[Opening Given data section]
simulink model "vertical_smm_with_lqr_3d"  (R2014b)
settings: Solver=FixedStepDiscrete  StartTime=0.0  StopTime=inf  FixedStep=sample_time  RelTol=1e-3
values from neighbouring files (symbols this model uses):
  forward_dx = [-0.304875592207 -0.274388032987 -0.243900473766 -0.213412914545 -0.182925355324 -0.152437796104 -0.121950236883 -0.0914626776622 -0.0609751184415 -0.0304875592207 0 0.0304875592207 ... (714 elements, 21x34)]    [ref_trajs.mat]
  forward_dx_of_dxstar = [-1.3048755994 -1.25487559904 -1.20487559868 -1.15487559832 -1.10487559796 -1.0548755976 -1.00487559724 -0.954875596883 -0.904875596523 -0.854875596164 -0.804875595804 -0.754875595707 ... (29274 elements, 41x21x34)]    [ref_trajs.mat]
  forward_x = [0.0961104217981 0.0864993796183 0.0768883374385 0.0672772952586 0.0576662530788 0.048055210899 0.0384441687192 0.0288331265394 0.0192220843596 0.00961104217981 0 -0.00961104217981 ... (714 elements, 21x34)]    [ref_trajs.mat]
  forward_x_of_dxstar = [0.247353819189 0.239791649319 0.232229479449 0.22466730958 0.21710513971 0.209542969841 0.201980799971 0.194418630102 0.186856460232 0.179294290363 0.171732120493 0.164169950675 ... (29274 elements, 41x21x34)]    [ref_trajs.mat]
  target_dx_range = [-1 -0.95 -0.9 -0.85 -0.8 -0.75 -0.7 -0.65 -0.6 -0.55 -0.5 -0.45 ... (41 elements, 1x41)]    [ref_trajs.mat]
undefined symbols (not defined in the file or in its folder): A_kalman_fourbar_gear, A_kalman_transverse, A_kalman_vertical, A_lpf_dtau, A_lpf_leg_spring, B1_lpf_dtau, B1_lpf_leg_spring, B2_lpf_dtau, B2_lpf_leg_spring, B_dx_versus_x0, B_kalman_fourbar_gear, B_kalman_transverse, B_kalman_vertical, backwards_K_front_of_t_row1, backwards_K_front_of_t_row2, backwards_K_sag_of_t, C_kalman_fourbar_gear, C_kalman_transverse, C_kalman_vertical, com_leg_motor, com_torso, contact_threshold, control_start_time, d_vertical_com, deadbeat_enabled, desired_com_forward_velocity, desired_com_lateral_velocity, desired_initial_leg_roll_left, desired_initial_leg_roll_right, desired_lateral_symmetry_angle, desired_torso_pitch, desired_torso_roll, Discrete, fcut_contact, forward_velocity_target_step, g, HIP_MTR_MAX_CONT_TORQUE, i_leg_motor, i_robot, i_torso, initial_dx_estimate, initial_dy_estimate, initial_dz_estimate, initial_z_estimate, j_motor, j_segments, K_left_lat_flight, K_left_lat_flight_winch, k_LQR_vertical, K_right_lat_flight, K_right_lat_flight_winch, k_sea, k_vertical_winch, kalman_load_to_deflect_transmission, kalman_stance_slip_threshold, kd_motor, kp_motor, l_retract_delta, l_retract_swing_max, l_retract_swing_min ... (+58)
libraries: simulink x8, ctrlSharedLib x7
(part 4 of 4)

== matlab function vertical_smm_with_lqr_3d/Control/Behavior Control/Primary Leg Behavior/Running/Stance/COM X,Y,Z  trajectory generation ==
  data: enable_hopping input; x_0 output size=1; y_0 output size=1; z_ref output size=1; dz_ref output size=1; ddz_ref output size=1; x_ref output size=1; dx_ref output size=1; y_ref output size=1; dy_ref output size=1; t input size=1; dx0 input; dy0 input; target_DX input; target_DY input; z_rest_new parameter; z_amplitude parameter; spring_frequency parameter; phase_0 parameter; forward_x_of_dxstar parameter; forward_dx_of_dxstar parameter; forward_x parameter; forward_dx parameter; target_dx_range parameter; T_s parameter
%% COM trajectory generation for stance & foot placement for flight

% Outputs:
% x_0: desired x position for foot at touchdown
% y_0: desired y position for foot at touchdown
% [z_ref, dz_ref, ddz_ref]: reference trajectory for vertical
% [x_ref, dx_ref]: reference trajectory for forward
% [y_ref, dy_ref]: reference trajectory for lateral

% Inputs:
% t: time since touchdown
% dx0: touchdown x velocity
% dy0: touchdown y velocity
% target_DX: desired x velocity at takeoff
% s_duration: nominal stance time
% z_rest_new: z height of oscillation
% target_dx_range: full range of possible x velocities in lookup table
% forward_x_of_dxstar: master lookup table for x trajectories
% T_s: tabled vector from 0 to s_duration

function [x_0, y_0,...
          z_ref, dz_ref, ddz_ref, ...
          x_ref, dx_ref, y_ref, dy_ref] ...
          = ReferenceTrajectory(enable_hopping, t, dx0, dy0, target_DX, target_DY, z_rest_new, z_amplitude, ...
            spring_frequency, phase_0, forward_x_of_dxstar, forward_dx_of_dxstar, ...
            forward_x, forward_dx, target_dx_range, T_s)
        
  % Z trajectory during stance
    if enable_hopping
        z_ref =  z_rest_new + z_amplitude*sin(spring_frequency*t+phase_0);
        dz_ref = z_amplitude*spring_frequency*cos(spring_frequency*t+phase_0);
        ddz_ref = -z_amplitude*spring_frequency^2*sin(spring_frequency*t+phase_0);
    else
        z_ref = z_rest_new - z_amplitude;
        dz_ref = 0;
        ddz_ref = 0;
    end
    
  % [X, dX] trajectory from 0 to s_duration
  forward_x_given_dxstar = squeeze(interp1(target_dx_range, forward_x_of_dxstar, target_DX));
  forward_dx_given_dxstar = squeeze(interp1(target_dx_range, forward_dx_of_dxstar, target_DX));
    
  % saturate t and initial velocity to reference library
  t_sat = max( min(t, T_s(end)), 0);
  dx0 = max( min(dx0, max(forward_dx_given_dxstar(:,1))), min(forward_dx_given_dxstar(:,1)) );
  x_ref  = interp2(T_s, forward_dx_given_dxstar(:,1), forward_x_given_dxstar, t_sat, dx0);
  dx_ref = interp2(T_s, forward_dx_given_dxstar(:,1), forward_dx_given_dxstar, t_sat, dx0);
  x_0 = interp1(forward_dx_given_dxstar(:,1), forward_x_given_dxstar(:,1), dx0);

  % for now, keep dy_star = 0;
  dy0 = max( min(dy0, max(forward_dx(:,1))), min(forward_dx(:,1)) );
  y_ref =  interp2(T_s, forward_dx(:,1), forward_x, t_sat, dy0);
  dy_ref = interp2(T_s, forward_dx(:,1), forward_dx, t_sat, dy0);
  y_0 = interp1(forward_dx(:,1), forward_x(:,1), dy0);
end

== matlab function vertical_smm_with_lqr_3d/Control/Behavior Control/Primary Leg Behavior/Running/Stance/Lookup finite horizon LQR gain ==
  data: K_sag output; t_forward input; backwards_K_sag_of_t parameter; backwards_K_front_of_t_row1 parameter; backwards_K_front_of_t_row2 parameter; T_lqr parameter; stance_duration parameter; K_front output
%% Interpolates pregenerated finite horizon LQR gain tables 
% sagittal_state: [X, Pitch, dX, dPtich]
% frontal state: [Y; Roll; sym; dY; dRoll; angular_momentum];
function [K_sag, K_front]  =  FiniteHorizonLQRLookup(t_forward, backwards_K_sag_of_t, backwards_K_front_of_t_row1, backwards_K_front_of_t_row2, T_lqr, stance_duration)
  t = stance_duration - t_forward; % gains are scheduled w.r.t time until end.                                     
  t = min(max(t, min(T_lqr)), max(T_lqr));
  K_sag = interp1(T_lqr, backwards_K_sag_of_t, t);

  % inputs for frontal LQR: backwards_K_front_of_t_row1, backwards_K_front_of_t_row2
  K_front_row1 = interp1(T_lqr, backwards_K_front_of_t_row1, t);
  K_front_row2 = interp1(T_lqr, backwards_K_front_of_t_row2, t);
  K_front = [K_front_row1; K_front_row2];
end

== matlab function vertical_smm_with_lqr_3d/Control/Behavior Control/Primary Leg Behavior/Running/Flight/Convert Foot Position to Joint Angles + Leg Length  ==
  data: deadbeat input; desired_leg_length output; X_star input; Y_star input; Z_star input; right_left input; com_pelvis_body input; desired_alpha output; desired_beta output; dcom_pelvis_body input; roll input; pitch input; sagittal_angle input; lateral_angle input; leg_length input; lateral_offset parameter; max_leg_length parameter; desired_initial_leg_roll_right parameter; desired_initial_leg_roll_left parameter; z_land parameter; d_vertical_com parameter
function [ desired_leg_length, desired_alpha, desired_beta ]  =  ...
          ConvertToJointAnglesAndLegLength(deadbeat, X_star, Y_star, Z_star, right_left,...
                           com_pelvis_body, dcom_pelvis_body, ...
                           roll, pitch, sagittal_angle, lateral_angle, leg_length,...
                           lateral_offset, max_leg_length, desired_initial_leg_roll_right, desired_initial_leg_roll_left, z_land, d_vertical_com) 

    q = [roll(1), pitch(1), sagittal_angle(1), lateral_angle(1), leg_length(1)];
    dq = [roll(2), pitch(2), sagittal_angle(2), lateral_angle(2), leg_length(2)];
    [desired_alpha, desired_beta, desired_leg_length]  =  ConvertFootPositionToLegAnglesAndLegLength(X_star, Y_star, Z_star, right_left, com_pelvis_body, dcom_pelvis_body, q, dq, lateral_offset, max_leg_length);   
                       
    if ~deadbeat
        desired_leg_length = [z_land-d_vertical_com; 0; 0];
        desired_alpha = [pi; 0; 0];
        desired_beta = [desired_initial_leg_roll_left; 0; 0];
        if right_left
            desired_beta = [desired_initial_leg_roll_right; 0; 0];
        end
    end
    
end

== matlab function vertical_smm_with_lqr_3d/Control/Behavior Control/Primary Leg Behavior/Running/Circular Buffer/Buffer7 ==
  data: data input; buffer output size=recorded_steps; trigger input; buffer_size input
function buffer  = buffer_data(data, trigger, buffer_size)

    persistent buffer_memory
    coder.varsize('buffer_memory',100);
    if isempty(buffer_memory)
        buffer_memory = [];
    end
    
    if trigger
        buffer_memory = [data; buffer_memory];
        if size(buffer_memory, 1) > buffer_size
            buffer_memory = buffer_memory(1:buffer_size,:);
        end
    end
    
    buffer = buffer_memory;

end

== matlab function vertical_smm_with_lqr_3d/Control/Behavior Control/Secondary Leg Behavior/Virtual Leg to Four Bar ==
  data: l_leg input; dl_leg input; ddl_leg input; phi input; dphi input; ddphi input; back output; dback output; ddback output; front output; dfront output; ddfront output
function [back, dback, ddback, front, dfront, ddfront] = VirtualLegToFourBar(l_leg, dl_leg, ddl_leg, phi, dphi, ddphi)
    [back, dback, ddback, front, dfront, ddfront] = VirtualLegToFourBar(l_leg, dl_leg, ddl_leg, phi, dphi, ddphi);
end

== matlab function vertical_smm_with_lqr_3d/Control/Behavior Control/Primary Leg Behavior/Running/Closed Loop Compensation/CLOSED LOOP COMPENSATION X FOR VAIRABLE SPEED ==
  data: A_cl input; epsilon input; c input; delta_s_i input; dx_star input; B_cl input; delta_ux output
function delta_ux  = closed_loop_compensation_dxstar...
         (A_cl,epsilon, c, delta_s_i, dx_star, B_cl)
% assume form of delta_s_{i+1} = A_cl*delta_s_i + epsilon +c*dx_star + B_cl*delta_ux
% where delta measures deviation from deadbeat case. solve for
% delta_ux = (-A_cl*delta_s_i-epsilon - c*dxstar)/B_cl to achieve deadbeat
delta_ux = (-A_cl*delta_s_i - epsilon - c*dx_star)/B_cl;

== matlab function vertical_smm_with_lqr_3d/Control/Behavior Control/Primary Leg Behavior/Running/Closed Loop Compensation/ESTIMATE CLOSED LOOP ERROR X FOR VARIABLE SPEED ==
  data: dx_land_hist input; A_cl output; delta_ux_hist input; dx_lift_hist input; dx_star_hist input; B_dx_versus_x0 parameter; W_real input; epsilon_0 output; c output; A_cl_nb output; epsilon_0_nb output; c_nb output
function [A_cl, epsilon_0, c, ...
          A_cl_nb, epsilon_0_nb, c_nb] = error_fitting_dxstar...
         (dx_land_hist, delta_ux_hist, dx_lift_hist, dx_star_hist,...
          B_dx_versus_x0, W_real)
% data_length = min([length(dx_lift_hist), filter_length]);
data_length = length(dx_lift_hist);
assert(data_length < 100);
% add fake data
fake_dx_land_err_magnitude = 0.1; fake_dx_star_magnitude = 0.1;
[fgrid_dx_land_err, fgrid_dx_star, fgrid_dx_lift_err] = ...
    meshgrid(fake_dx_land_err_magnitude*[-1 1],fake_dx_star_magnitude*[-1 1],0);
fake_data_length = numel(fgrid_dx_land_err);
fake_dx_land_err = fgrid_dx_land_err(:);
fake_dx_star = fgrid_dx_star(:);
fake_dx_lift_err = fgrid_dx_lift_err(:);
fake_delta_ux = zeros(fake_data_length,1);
[Closing Given data section]
■ **What you should do**:
Exact lines only, please: output the listing from the first line to the line with "forward_dx = [-0.304875592207", both included.

■ **Worked solution**:
simulink model "vertical_smm_with_lqr_3d"  (R2014b)
settings: Solver=FixedStepDiscrete  StartTime=0.0  StopTime=inf  FixedStep=sample_time  RelTol=1e-3
values from neighbouring files (symbols this model uses):
  forward_dx = [-0.304875592207 -0.274388032987 -0.243900473766 -0.213412914545 -0.182925355324 -0.152437796104 -0.121950236883 -0.0914626776622 -0.0609751184415 -0.0304875592207 0 0.0304875592207 ... (714 elements, 21x34)]    [ref_trajs.mat]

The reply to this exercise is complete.